#### [WORK TO BE COMPLETED]
Would you please repeat exactly the entries below, starting at the line with "#25109 = DIRECTION" and ending at the line with "#7882 = DIRECTION", and nothing outside that range? Leave out the pictures.

[Items listed in a dataset]
= = = = = = =
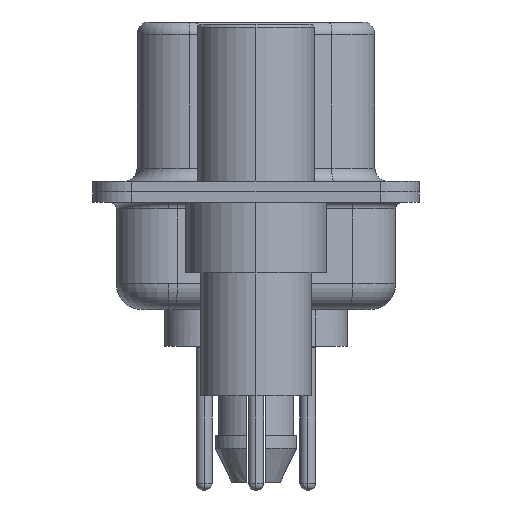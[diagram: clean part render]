
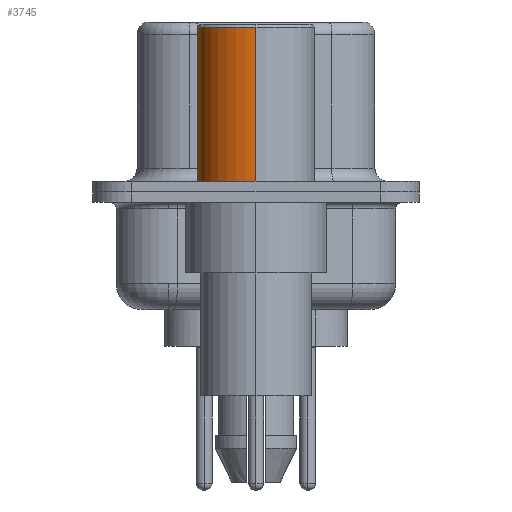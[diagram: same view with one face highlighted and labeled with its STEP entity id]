
A CAD part, left-side view. The second image highlights one B-rep face of the part: STEP entity #3745.
In plain terms, the highlighted cylindrical face has radius 2.25 mm (diameter 4.5 mm), a partial arc.
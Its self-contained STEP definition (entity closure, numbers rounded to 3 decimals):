
#61 = CARTESIAN_POINT ( 'NONE',  ( 2.25, 0., 0.4 ) ) ;
#326 = CARTESIAN_POINT ( 'NONE',  ( 0., 0., 0.4 ) ) ;
#1088 = DIRECTION ( 'NONE',  ( 0., 0., 1. ) ) ;
#1242 = CARTESIAN_POINT ( 'NONE',  ( 2.25, 0., 0.581 ) ) ;
#1715 = AXIS2_PLACEMENT_3D ( 'NONE', #10485, #25109, #12611 ) ;
#2457 = EDGE_CURVE ( 'NONE', #15488, #15725, #20779, .T. ) ;
#2575 = DIRECTION ( 'NONE',  ( 1., 0., 0. ) ) ;
#3395 = ORIENTED_EDGE ( 'NONE', *, *, #2457, .T. ) ;
#3745 = ADVANCED_FACE ( 'NONE', ( #23023 ), #6246, .T. ) ;
#5237 = EDGE_CURVE ( 'NONE', #26287, #17092, #15112, .T. ) ;
#6246 = CYLINDRICAL_SURFACE ( 'NONE', #26858, 2.25 ) ;
#8060 = ORIENTED_EDGE ( 'NONE', *, *, #22619, .T. ) ;
#9285 = ORIENTED_EDGE ( 'NONE', *, *, #11026, .F. ) ;
#9505 = VECTOR ( 'NONE', #1088, 1000. ) ;
#9649 = CIRCLE ( 'NONE', #1715, 2.25 ) ;
#10175 = CARTESIAN_POINT ( 'NONE',  ( 0., 0., 0.581 ) ) ;
#10485 = CARTESIAN_POINT ( 'NONE',  ( 0., 0., 6.3 ) ) ;
#11026 = EDGE_CURVE ( 'NONE', #17092, #15725, #9649, .T. ) ;
#11377 = DIRECTION ( 'NONE',  ( 0., 0., 1. ) ) ;
#12019 = CARTESIAN_POINT ( 'NONE',  ( -2.25, 0., 0.581 ) ) ;
#12266 = CARTESIAN_POINT ( 'NONE',  ( -2.25, 0., 0.4 ) ) ;
#12611 = DIRECTION ( 'NONE',  ( 1., 0., 0. ) ) ;
#13327 = CIRCLE ( 'NONE', #13465, 2.25 ) ;
#13465 = AXIS2_PLACEMENT_3D ( 'NONE', #326, #15323, #2575 ) ;
#15070 = ORIENTED_EDGE ( 'NONE', *, *, #5237, .F. ) ;
#15112 = LINE ( 'NONE', #1242, #9505 ) ;
#15231 = VECTOR ( 'NONE', #11377, 1000. ) ;
#15323 = DIRECTION ( 'NONE',  ( 0., 0., 1. ) ) ;
#15488 = VERTEX_POINT ( 'NONE', #12266 ) ;
#15725 = VERTEX_POINT ( 'NONE', #21452 ) ;
#17092 = VERTEX_POINT ( 'NONE', #17933 ) ;
#17933 = CARTESIAN_POINT ( 'NONE',  ( 2.25, 0., 6.3 ) ) ;
#20779 = LINE ( 'NONE', #12019, #15231 ) ;
#21452 = CARTESIAN_POINT ( 'NONE',  ( -2.25, 0., 6.3 ) ) ;
#22619 = EDGE_CURVE ( 'NONE', #26287, #15488, #13327, .T. ) ;
#23023 = FACE_OUTER_BOUND ( 'NONE', #23136, .T. ) ;
#23136 = EDGE_LOOP ( 'NONE', ( #8060, #3395, #9285, #15070 ) ) ;
#23228 = DIRECTION ( 'NONE',  ( 1., 0., 0. ) ) ;
#25008 = DIRECTION ( 'NONE',  ( 0., 0., 1. ) ) ;
#25109 = DIRECTION ( 'NONE',  ( 0., 0., 1. ) ) ;
#26287 = VERTEX_POINT ( 'NONE', #61 ) ;
#26858 = AXIS2_PLACEMENT_3D ( 'NONE', #10175, #25008, #23228 ) ;
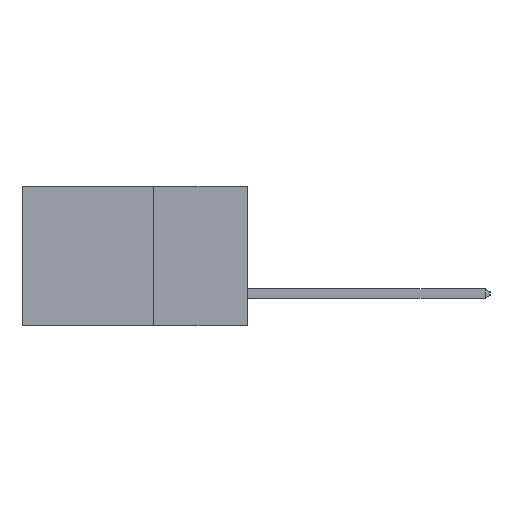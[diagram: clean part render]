
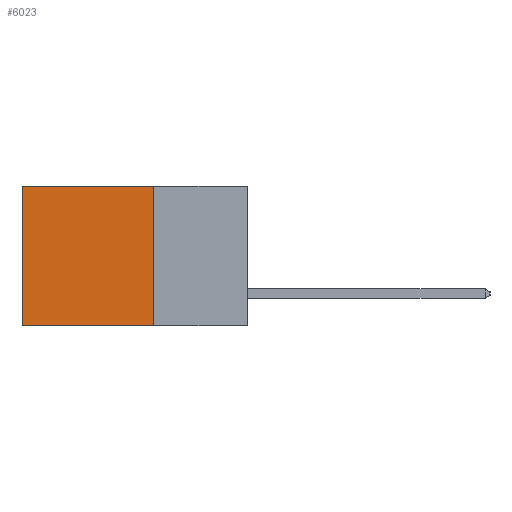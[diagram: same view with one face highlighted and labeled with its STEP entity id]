
A CAD part, left-side view. The second image highlights one B-rep face of the part: STEP entity #6023.
In plain terms, the highlighted planar face has unit normal (-1, 0, 0).
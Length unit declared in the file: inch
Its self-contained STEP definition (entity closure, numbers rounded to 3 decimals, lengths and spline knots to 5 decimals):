
#181 = EDGE_CURVE ( 'NONE', #12703, #4369, #11855, .T. ) ;
#922 = ORIENTED_EDGE ( 'NONE', *, *, #4583, .T. ) ;
#1584 = DIRECTION ( 'NONE',  ( 0., 1., 0. ) ) ;
#1591 = FACE_OUTER_BOUND ( 'NONE', #13657, .T. ) ;
#1593 = CARTESIAN_POINT ( 'NONE',  ( 0.298, 0.25, -0.37 ) ) ;
#1707 = EDGE_CURVE ( 'NONE', #4497, #2301, #3047, .T. ) ;
#1987 = CARTESIAN_POINT ( 'NONE',  ( 0.298, 0.6, 0. ) ) ;
#2189 = CARTESIAN_POINT ( 'NONE',  ( 0.298, 0.6, -0.37 ) ) ;
#2282 = LINE ( 'NONE', #10304, #10497 ) ;
#2301 = VERTEX_POINT ( 'NONE', #2189 ) ;
#2595 = CARTESIAN_POINT ( 'NONE',  ( 0.298, 0.25, 0. ) ) ;
#3047 = LINE ( 'NONE', #1593, #5538 ) ;
#3236 = EDGE_CURVE ( 'NONE', #12703, #4497, #2282, .T. ) ;
#3375 = CARTESIAN_POINT ( 'NONE',  ( 0.298, 0.25, -0.37 ) ) ;
#4369 = VERTEX_POINT ( 'NONE', #1987 ) ;
#4497 = VERTEX_POINT ( 'NONE', #3375 ) ;
#4583 = EDGE_CURVE ( 'NONE', #4369, #2301, #10301, .T. ) ;
#4660 = ORIENTED_EDGE ( 'NONE', *, *, #1707, .F. ) ;
#5416 = AXIS2_PLACEMENT_3D ( 'NONE', #6315, #13966, #7379 ) ;
#5538 = VECTOR ( 'NONE', #7882, 39.37008 ) ;
#5611 = CARTESIAN_POINT ( 'NONE',  ( 0.298, 0.25, 0. ) ) ;
#6023 = ADVANCED_FACE ( 'NONE', ( #1591 ), #12858, .F. ) ;
#6272 = DIRECTION ( 'NONE',  ( 0., 0., -1. ) ) ;
#6315 = CARTESIAN_POINT ( 'NONE',  ( 0.298, 0.25, 0. ) ) ;
#6753 = CARTESIAN_POINT ( 'NONE',  ( 0.298, 0.6, 0. ) ) ;
#7379 = DIRECTION ( 'NONE',  ( 0., 0., -1. ) ) ;
#7388 = VECTOR ( 'NONE', #6272, 39.37008 ) ;
#7882 = DIRECTION ( 'NONE',  ( 0., 1., 0. ) ) ;
#8417 = DIRECTION ( 'NONE',  ( 0., 0., -1. ) ) ;
#8830 = ORIENTED_EDGE ( 'NONE', *, *, #3236, .F. ) ;
#10301 = LINE ( 'NONE', #6753, #7388 ) ;
#10304 = CARTESIAN_POINT ( 'NONE',  ( 0.298, 0.25, 0. ) ) ;
#10497 = VECTOR ( 'NONE', #8417, 39.37008 ) ;
#11322 = ORIENTED_EDGE ( 'NONE', *, *, #181, .T. ) ;
#11855 = LINE ( 'NONE', #2595, #12224 ) ;
#12224 = VECTOR ( 'NONE', #1584, 39.37008 ) ;
#12703 = VERTEX_POINT ( 'NONE', #5611 ) ;
#12858 = PLANE ( 'NONE',  #5416 ) ;
#13657 = EDGE_LOOP ( 'NONE', ( #922, #4660, #8830, #11322 ) ) ;
#13966 = DIRECTION ( 'NONE',  ( 1., 0., 0. ) ) ;
= = = = = = =
#### [RESULT OF THE EXERCISE]
#25109 = DIRECTION ( 'NONE',  ( 0., 0., 1. ) ) ;
#26287 = VERTEX_POINT ( 'NONE', #61 ) ;
#26858 = AXIS2_PLACEMENT_3D ( 'NONE', #10175, #25008, #23228 ) ;
[diagram: clean part render]
[diagram: same view with one face highlighted and labeled with its STEP entity id]
A CAD part, left-side view. The second image highlights one B-rep face of the part: STEP entity #6023.
In plain terms, the highlighted planar face has unit normal (-1, 0, 0).
Length unit declared in the file: inch
Its self-contained STEP definition (entity closure, numbers rounded to 3 decimals, lengths and spline knots to 5 decimals):
#181 = EDGE_CURVE ( 'NONE', #12703, #4369, #11855, .T. ) ;
#922 = ORIENTED_EDGE ( 'NONE', *, *, #4583, .T. ) ;
#1584 = DIRECTION ( 'NONE',  ( 0., 1., 0. ) ) ;
#1591 = FACE_OUTER_BOUND ( 'NONE', #13657, .T. ) ;
#1593 = CARTESIAN_POINT ( 'NONE',  ( 0.298, 0.25, -0.37 ) ) ;
#1707 = EDGE_CURVE ( 'NONE', #4497, #2301, #3047, .T. ) ;
#1987 = CARTESIAN_POINT ( 'NONE',  ( 0.298, 0.6, 0. ) ) ;
#2189 = CARTESIAN_POINT ( 'NONE',  ( 0.298, 0.6, -0.37 ) ) ;
#2282 = LINE ( 'NONE', #10304, #10497 ) ;
#2301 = VERTEX_POINT ( 'NONE', #2189 ) ;
#2595 = CARTESIAN_POINT ( 'NONE',  ( 0.298, 0.25, 0. ) ) ;
#3047 = LINE ( 'NONE', #1593, #5538 ) ;
#3236 = EDGE_CURVE ( 'NONE', #12703, #4497, #2282, .T. ) ;
#3375 = CARTESIAN_POINT ( 'NONE',  ( 0.298, 0.25, -0.37 ) ) ;
#4369 = VERTEX_POINT ( 'NONE', #1987 ) ;
#4497 = VERTEX_POINT ( 'NONE', #3375 ) ;
#4583 = EDGE_CURVE ( 'NONE', #4369, #2301, #10301, .T. ) ;
#4660 = ORIENTED_EDGE ( 'NONE', *, *, #1707, .F. ) ;
#5416 = AXIS2_PLACEMENT_3D ( 'NONE', #6315, #13966, #7379 ) ;
#5538 = VECTOR ( 'NONE', #7882, 39.37008 ) ;
#5611 = CARTESIAN_POINT ( 'NONE',  ( 0.298, 0.25, 0. ) ) ;
#6023 = ADVANCED_FACE ( 'NONE', ( #1591 ), #12858, .F. ) ;
#6272 = DIRECTION ( 'NONE',  ( 0., 0., -1. ) ) ;
#6315 = CARTESIAN_POINT ( 'NONE',  ( 0.298, 0.25, 0. ) ) ;
#6753 = CARTESIAN_POINT ( 'NONE',  ( 0.298, 0.6, 0. ) ) ;
#7379 = DIRECTION ( 'NONE',  ( 0., 0., -1. ) ) ;
#7388 = VECTOR ( 'NONE', #6272, 39.37008 ) ;
#7882 = DIRECTION ( 'NONE',  ( 0., 1., 0. ) ) ;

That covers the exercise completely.